*EXERCISE DATA:*
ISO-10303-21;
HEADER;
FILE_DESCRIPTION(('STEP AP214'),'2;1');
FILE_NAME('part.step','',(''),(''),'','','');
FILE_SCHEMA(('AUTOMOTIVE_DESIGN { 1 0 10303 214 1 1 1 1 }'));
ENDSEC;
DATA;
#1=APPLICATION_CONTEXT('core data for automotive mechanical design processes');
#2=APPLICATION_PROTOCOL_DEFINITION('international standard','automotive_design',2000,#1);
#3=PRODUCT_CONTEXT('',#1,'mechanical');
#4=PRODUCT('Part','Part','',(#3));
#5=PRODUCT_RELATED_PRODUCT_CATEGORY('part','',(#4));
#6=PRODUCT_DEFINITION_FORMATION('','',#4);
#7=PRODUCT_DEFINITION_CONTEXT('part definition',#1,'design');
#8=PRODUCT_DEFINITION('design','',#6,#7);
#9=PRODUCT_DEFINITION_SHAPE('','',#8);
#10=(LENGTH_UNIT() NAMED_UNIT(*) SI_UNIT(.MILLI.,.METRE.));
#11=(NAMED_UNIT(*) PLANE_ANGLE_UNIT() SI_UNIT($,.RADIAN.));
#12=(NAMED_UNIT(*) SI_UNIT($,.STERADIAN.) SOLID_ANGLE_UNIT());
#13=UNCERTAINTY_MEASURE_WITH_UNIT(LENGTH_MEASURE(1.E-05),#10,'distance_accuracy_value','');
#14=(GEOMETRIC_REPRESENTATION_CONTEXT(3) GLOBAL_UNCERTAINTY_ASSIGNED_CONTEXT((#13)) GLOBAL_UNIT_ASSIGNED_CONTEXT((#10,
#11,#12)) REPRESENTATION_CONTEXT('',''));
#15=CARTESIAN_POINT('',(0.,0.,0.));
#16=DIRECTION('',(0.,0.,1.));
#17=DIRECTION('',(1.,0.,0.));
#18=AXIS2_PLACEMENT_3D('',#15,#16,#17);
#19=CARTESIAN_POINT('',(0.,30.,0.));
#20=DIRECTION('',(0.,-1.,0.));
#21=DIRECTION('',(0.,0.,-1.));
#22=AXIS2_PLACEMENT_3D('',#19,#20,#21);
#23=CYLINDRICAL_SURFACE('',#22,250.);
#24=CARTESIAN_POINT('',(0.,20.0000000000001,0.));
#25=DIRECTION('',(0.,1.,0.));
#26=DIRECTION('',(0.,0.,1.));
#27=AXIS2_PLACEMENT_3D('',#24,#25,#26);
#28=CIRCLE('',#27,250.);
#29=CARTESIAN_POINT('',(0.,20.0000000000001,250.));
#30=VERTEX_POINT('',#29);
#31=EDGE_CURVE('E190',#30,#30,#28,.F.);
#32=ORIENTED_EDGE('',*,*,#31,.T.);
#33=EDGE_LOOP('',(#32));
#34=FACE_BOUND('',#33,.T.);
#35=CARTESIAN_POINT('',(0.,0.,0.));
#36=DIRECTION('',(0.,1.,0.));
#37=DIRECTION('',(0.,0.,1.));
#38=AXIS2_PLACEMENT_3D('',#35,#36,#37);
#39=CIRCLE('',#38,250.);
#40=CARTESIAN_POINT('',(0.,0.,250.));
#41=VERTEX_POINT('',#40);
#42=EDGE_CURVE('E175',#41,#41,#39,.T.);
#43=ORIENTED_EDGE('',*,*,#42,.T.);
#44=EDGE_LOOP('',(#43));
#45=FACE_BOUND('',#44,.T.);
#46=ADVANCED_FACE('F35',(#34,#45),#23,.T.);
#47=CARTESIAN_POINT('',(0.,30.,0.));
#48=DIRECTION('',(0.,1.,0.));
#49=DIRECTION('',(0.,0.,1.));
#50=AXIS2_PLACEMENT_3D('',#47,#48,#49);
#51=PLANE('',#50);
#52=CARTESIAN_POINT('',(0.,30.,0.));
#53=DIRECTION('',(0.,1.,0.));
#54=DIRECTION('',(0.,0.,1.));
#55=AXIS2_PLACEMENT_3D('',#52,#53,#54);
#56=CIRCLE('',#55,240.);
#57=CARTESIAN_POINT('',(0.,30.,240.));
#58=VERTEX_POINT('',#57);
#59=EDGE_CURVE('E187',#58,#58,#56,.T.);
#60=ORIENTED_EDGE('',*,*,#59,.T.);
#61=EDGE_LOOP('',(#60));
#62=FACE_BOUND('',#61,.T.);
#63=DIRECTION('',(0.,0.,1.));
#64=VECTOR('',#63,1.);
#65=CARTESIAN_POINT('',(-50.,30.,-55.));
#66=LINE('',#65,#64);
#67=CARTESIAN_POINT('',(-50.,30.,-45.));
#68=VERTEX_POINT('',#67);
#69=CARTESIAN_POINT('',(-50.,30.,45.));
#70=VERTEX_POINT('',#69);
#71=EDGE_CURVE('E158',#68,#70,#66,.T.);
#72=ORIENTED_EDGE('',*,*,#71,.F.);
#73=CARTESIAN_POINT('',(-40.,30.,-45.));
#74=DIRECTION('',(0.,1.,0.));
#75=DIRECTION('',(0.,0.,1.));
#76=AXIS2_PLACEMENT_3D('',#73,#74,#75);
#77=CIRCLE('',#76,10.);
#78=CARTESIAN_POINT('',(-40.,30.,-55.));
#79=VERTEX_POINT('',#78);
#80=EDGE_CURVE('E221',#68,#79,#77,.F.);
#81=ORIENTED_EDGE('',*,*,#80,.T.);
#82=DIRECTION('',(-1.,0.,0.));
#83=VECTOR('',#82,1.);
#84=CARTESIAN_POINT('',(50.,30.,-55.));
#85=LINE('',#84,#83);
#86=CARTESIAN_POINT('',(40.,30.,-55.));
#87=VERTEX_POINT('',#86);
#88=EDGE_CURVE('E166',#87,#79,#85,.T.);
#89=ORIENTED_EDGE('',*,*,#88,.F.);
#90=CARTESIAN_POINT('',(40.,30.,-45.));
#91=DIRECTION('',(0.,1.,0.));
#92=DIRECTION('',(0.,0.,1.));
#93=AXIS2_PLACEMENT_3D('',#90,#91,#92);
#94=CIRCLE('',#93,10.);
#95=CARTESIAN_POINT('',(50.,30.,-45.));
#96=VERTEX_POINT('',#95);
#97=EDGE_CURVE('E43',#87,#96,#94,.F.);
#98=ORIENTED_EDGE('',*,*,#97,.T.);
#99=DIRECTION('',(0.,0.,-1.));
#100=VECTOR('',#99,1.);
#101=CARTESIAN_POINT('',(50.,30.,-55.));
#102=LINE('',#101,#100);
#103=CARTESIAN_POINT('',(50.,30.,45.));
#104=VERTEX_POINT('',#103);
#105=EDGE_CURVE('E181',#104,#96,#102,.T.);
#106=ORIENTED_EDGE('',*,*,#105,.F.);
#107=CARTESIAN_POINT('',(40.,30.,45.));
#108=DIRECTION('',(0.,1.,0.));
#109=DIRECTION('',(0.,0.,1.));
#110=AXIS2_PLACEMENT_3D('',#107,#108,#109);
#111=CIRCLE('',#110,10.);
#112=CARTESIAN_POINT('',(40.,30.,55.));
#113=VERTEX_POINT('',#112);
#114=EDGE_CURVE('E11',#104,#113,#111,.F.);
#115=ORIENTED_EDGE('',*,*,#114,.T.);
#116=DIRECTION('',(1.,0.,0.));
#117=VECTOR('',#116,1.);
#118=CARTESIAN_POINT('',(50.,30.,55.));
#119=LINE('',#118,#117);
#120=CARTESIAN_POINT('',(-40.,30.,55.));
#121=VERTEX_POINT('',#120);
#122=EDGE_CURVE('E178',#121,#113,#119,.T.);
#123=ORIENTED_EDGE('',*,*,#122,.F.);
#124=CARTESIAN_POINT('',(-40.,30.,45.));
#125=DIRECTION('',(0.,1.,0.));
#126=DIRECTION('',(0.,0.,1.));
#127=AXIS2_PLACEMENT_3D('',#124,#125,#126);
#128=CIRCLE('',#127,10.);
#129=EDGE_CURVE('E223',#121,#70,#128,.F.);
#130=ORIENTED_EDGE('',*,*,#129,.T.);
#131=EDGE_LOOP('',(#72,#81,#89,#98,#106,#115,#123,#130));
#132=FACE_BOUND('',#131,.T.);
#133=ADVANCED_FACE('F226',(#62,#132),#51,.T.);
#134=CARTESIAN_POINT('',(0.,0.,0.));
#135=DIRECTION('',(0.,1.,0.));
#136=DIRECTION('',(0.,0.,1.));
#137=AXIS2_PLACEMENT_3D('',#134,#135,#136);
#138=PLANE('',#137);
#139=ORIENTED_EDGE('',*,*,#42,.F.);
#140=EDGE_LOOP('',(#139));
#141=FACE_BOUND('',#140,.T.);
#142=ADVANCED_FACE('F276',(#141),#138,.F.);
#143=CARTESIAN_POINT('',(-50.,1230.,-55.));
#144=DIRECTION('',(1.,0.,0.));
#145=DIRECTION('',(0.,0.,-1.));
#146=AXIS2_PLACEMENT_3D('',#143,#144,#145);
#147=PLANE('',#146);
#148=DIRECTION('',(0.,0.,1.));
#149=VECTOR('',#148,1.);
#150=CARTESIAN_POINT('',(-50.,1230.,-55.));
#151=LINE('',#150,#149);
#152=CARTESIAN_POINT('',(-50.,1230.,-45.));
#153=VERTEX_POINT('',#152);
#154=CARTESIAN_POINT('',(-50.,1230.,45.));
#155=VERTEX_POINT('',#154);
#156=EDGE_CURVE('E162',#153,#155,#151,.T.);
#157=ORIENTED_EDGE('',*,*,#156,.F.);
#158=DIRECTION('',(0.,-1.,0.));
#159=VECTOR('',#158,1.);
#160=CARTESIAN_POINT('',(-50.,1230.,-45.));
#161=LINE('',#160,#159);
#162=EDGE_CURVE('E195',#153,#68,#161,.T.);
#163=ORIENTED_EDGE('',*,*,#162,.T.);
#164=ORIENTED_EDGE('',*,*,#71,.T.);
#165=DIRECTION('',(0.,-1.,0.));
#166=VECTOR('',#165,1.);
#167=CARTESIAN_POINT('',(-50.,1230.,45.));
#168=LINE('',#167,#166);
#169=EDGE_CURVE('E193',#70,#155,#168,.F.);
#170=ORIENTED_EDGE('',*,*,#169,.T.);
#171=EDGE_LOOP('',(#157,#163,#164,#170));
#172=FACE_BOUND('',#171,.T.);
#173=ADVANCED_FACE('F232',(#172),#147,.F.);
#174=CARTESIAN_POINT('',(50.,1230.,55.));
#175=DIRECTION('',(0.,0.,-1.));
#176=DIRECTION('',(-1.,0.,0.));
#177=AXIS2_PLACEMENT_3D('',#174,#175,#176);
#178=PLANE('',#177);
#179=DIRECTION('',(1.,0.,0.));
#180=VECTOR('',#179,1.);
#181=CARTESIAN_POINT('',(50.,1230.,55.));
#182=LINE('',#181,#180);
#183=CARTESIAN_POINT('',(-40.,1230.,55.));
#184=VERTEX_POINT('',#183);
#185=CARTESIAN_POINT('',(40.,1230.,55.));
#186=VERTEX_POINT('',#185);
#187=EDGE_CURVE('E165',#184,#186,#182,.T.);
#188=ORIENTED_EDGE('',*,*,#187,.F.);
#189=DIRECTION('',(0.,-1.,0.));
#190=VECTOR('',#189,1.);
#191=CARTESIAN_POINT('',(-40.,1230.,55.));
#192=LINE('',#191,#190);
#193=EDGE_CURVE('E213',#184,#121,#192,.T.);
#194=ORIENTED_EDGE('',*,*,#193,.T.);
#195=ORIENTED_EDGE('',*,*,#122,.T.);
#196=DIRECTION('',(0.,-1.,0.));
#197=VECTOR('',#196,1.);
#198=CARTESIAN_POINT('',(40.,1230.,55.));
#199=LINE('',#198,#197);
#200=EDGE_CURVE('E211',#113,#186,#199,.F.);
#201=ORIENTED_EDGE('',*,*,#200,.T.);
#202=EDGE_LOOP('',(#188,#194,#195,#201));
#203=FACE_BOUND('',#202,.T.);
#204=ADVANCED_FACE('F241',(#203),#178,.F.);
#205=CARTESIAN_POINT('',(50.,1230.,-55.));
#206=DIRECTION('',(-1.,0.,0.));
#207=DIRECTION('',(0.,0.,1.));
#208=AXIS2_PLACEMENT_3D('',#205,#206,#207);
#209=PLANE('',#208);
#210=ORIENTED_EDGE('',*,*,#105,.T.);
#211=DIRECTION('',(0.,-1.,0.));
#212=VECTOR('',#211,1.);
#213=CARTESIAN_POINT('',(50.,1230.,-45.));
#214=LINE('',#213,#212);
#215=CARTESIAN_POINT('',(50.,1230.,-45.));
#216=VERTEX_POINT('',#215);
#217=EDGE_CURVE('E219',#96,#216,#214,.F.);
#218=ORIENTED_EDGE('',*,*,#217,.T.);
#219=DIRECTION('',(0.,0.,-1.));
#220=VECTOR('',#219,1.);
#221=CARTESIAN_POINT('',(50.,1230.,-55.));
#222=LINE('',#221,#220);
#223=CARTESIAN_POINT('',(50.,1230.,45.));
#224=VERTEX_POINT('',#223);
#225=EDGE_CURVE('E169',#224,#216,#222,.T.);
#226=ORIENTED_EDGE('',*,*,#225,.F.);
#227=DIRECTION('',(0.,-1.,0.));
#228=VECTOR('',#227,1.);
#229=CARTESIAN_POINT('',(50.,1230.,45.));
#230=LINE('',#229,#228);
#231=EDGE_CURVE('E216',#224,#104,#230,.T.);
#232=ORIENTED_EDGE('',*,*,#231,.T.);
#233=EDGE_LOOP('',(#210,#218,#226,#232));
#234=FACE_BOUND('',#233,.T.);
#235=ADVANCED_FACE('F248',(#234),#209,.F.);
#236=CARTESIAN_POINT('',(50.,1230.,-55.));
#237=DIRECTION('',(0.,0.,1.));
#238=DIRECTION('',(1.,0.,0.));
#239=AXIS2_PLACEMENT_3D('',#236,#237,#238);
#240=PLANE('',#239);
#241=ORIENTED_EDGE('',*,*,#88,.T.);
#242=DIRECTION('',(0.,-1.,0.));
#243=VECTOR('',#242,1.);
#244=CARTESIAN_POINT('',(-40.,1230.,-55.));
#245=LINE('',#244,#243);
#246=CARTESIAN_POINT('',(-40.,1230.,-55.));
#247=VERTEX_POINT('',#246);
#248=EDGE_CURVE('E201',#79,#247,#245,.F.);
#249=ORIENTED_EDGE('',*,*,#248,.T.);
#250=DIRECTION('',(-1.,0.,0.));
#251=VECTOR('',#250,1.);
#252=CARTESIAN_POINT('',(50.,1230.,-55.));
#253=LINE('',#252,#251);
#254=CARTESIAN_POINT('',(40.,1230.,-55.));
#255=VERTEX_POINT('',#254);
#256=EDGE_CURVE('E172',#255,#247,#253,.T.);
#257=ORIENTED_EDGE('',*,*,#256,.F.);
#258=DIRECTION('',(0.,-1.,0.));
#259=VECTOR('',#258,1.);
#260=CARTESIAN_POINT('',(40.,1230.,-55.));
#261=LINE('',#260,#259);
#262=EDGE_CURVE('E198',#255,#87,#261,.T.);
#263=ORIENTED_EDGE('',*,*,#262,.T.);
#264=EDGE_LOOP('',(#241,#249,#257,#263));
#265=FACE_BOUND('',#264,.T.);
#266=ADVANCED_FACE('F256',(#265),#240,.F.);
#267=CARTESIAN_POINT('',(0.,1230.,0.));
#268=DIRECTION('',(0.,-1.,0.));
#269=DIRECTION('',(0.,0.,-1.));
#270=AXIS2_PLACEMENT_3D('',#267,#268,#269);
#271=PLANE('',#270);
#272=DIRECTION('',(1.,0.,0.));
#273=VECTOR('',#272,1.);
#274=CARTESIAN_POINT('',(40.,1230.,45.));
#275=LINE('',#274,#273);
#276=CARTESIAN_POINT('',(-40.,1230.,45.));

*EXERCISE DIRECTIONS:* In the listing above, find the line with "#124=CARTESIAN_POINT('',(-40.,30.,45.));" and the line with "#141=FACE_BOUND('',#140,.T.);", then print exactly those two lines and every line between them, and nothing more.

*RESPONSE AREA:*
#124=CARTESIAN_POINT('',(-40.,30.,45.));
#125=DIRECTION('',(0.,1.,0.));
#126=DIRECTION('',(0.,0.,1.));
#127=AXIS2_PLACEMENT_3D('',#124,#125,#126);
#128=CIRCLE('',#127,10.);
#129=EDGE_CURVE('E223',#121,#70,#128,.F.);
#130=ORIENTED_EDGE('',*,*,#129,.T.);
#131=EDGE_LOOP('',(#72,#81,#89,#98,#106,#115,#123,#130));
#132=FACE_BOUND('',#131,.T.);
#133=ADVANCED_FACE('F226',(#62,#132),#51,.T.);
#134=CARTESIAN_POINT('',(0.,0.,0.));
#135=DIRECTION('',(0.,1.,0.));
#136=DIRECTION('',(0.,0.,1.));
#137=AXIS2_PLACEMENT_3D('',#134,#135,#136);
#138=PLANE('',#137);
#139=ORIENTED_EDGE('',*,*,#42,.F.);
#140=EDGE_LOOP('',(#139));
#141=FACE_BOUND('',#140,.T.);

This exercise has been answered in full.